Somos animales extraños los humanos. Vestimos una carcasa de carne, hueso y piel que sostiene y transporta un reactor bioquímico que es una, si no la más, sofisticada creación del universo.

A nosotros, los usuarios finales, todo nos ha sido dado para que parezca fácil: Tan sólo un par de necesidades básicas como comer o hidratarnos que debemos mantener cubiertas para asegurar la supervivencia. Ni de respirar tenemos que preocuparnos, eso lo hacemos sin querer.

Y tan fácil como respirar, como alimentarnos para seguir vivos, es desbaratar todo el trabajo evolutivo de millones de años con un simple pensamiento, una idea, una palabra. Nuestro humor y estado de ánimo condicionan nuestra alimentación y nuestro sueño. ¿Es la tristeza una enfermedad? Lo dejo como pregunta. Se supone que el alma no puede doler y, sin embargo, duele. Aunque no sepamos localizarla.

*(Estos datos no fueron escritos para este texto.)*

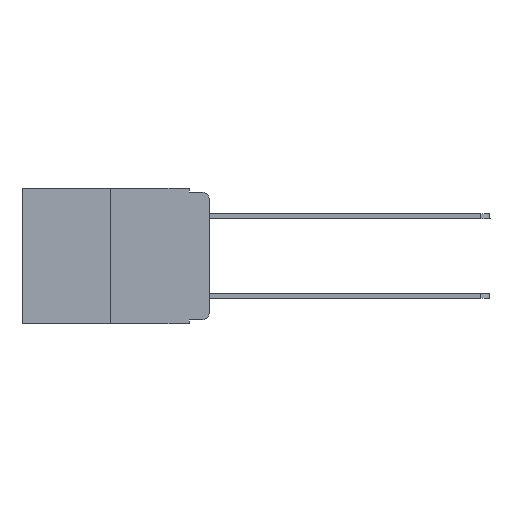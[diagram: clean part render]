
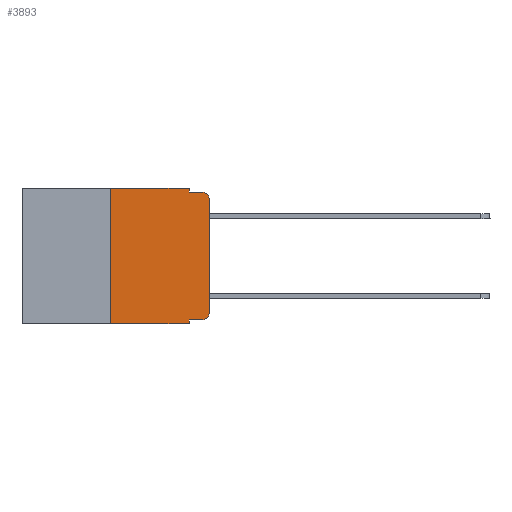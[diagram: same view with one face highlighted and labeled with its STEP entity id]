
A CAD part, left-side view. The second image highlights one B-rep face of the part: STEP entity #3893.
In plain terms, the highlighted planar face has unit normal (-1, 0, 0).
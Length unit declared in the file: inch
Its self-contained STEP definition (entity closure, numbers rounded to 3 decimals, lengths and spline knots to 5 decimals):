
#22 = CARTESIAN_POINT ( 'NONE',  ( 0., 0., -0.313 ) ) ;
#242 = CARTESIAN_POINT ( 'NONE',  ( 0., 0.473, 0. ) ) ;
#1030 = CARTESIAN_POINT ( 'NONE',  ( 0., 0.473, -0.343 ) ) ;
#1040 = CARTESIAN_POINT ( 'NONE',  ( 0., 0.25, -0.343 ) ) ;
#1127 = LINE ( 'NONE', #2577, #18604 ) ;
#1299 = ORIENTED_EDGE ( 'NONE', *, *, #18158, .F. ) ;
#1820 = EDGE_CURVE ( 'NONE', #20678, #21137, #14546, .T. ) ;
#1831 = CARTESIAN_POINT ( 'NONE',  ( 0., 0.02, -0.03 ) ) ;
#2430 = EDGE_CURVE ( 'NONE', #15967, #5403, #20311, .T. ) ;
#2458 = CARTESIAN_POINT ( 'NONE',  ( 0., 0.473, 0. ) ) ;
#2566 = PLANE ( 'NONE',  #18800 ) ;
#2577 = CARTESIAN_POINT ( 'NONE',  ( 0., 0.051, 0. ) ) ;
#2863 = CARTESIAN_POINT ( 'NONE',  ( 0., 0.051, -0.333 ) ) ;
#2878 = FACE_OUTER_BOUND ( 'NONE', #21639, .T. ) ;
#3383 = DIRECTION ( 'NONE',  ( 0., 0., 1. ) ) ;
#3893 = ADVANCED_FACE ( 'NONE', ( #2878 ), #2566, .F. ) ;
#4040 = VECTOR ( 'NONE', #7736, 39.37008 ) ;
#4086 = ORIENTED_EDGE ( 'NONE', *, *, #2430, .F. ) ;
#4309 = CARTESIAN_POINT ( 'NONE',  ( 0., 0., -0.03 ) ) ;
#4543 = CIRCLE ( 'NONE', #10130, 0.02 ) ;
#4604 = CARTESIAN_POINT ( 'NONE',  ( 0., 0.02, -0.333 ) ) ;
#5220 = CARTESIAN_POINT ( 'NONE',  ( 0., 0.051, 0. ) ) ;
#5374 = VERTEX_POINT ( 'NONE', #1040 ) ;
#5403 = VERTEX_POINT ( 'NONE', #8170 ) ;
#5505 = VERTEX_POINT ( 'NONE', #19973 ) ;
#6424 = ORIENTED_EDGE ( 'NONE', *, *, #21410, .F. ) ;
#6902 = DIRECTION ( 'NONE',  ( 0., 0., -1. ) ) ;
#7527 = LINE ( 'NONE', #15921, #10942 ) ;
#7711 = DIRECTION ( 'NONE',  ( 1., 0., 0. ) ) ;
#7736 = DIRECTION ( 'NONE',  ( 0., -1., 0. ) ) ;
#7764 = VECTOR ( 'NONE', #21233, 39.37008 ) ;
#8170 = CARTESIAN_POINT ( 'NONE',  ( 0., 0.051, -0.01 ) ) ;
#8320 = VECTOR ( 'NONE', #9790, 39.37008 ) ;
#8415 = LINE ( 'NONE', #9637, #16390 ) ;
#9468 = CARTESIAN_POINT ( 'NONE',  ( 0., 0.02, -0.313 ) ) ;
#9578 = DIRECTION ( 'NONE',  ( 0., 0., -1. ) ) ;
#9637 = CARTESIAN_POINT ( 'NONE',  ( 0., 0.25, 0. ) ) ;
#9790 = DIRECTION ( 'NONE',  ( 0., -1., 0. ) ) ;
#10130 = AXIS2_PLACEMENT_3D ( 'NONE', #1831, #15188, #6902 ) ;
#10535 = VERTEX_POINT ( 'NONE', #22 ) ;
#10892 = CIRCLE ( 'NONE', #14353, 0.02 ) ;
#10942 = VECTOR ( 'NONE', #18995, 39.37008 ) ;
#11047 = LINE ( 'NONE', #14526, #12224 ) ;
#12224 = VECTOR ( 'NONE', #17384, 39.37008 ) ;
#12325 = EDGE_CURVE ( 'NONE', #5374, #18977, #16038, .T. ) ;
#12516 = ORIENTED_EDGE ( 'NONE', *, *, #18400, .T. ) ;
#12785 = ORIENTED_EDGE ( 'NONE', *, *, #18456, .T. ) ;
#12957 = CARTESIAN_POINT ( 'NONE',  ( 0., 0.02, -0.01 ) ) ;
#12963 = DIRECTION ( 'NONE',  ( -1., 0., 0. ) ) ;
#13181 = CARTESIAN_POINT ( 'NONE',  ( 0., 0.051, 0. ) ) ;
#14077 = ORIENTED_EDGE ( 'NONE', *, *, #12325, .T. ) ;
#14084 = DIRECTION ( 'NONE',  ( 0., 0., -1. ) ) ;
#14269 = ORIENTED_EDGE ( 'NONE', *, *, #17336, .F. ) ;
#14280 = DIRECTION ( 'NONE',  ( 0., 0., -1. ) ) ;
#14353 = AXIS2_PLACEMENT_3D ( 'NONE', #9468, #12963, #9578 ) ;
#14526 = CARTESIAN_POINT ( 'NONE',  ( 0., 0., 0. ) ) ;
#14546 = LINE ( 'NONE', #19576, #7764 ) ;
#15158 = DIRECTION ( 'NONE',  ( 0., 0., -1. ) ) ;
#15188 = DIRECTION ( 'NONE',  ( -1., 0., 0. ) ) ;
#15487 = ORIENTED_EDGE ( 'NONE', *, *, #20171, .T. ) ;
#15824 = VERTEX_POINT ( 'NONE', #12957 ) ;
#15921 = CARTESIAN_POINT ( 'NONE',  ( 0., 0.051, -0.01 ) ) ;
#15967 = VERTEX_POINT ( 'NONE', #13181 ) ;
#16038 = LINE ( 'NONE', #1030, #4040 ) ;
#16309 = VERTEX_POINT ( 'NONE', #4309 ) ;
#16390 = VECTOR ( 'NONE', #3383, 39.37008 ) ;
#16613 = VECTOR ( 'NONE', #15158, 39.37008 ) ;
#16736 = ORIENTED_EDGE ( 'NONE', *, *, #21388, .F. ) ;
#17336 = EDGE_CURVE ( 'NONE', #5505, #15967, #20279, .T. ) ;
#17384 = DIRECTION ( 'NONE',  ( 0., 0., 1. ) ) ;
#17577 = CARTESIAN_POINT ( 'NONE',  ( 0., 0.051, -0.343 ) ) ;
#18158 = EDGE_CURVE ( 'NONE', #5374, #5505, #8415, .T. ) ;
#18400 = EDGE_CURVE ( 'NONE', #16309, #15824, #4543, .T. ) ;
#18456 = EDGE_CURVE ( 'NONE', #10535, #16309, #11047, .T. ) ;
#18604 = VECTOR ( 'NONE', #14084, 39.37008 ) ;
#18800 = AXIS2_PLACEMENT_3D ( 'NONE', #2458, #7711, #14280 ) ;
#18952 = ORIENTED_EDGE ( 'NONE', *, *, #1820, .T. ) ;
#18977 = VERTEX_POINT ( 'NONE', #17577 ) ;
#18995 = DIRECTION ( 'NONE',  ( 0., -1., 0. ) ) ;
#19576 = CARTESIAN_POINT ( 'NONE',  ( 0., 0.051, -0.333 ) ) ;
#19973 = CARTESIAN_POINT ( 'NONE',  ( 0., 0.25, 0. ) ) ;
#20171 = EDGE_CURVE ( 'NONE', #21137, #10535, #10892, .T. ) ;
#20279 = LINE ( 'NONE', #242, #8320 ) ;
#20311 = LINE ( 'NONE', #5220, #16613 ) ;
#20678 = VERTEX_POINT ( 'NONE', #2863 ) ;
#21137 = VERTEX_POINT ( 'NONE', #4604 ) ;
#21233 = DIRECTION ( 'NONE',  ( 0., -1., 0. ) ) ;
#21388 = EDGE_CURVE ( 'NONE', #20678, #18977, #1127, .T. ) ;
#21410 = EDGE_CURVE ( 'NONE', #5403, #15824, #7527, .T. ) ;
#21639 = EDGE_LOOP ( 'NONE', ( #12785, #12516, #6424, #4086, #14269, #1299, #14077, #16736, #18952, #15487 ) ) ;

Somos animales extraños los humanos, dueños y esclavos de la mayor inteligencia conocida. Siempre buscando más allá, con necesidades de Dioses y milagros que justifiquen o den respuesta a lo inexplicable.

Sin duda somos animales extraños, quizás hijos de la serendipia emanada del choque entre partículas, quizás un cálculo perfecto con un resultado imperfecto.

¡Qué extraños somos los humanos!

El alma prendida…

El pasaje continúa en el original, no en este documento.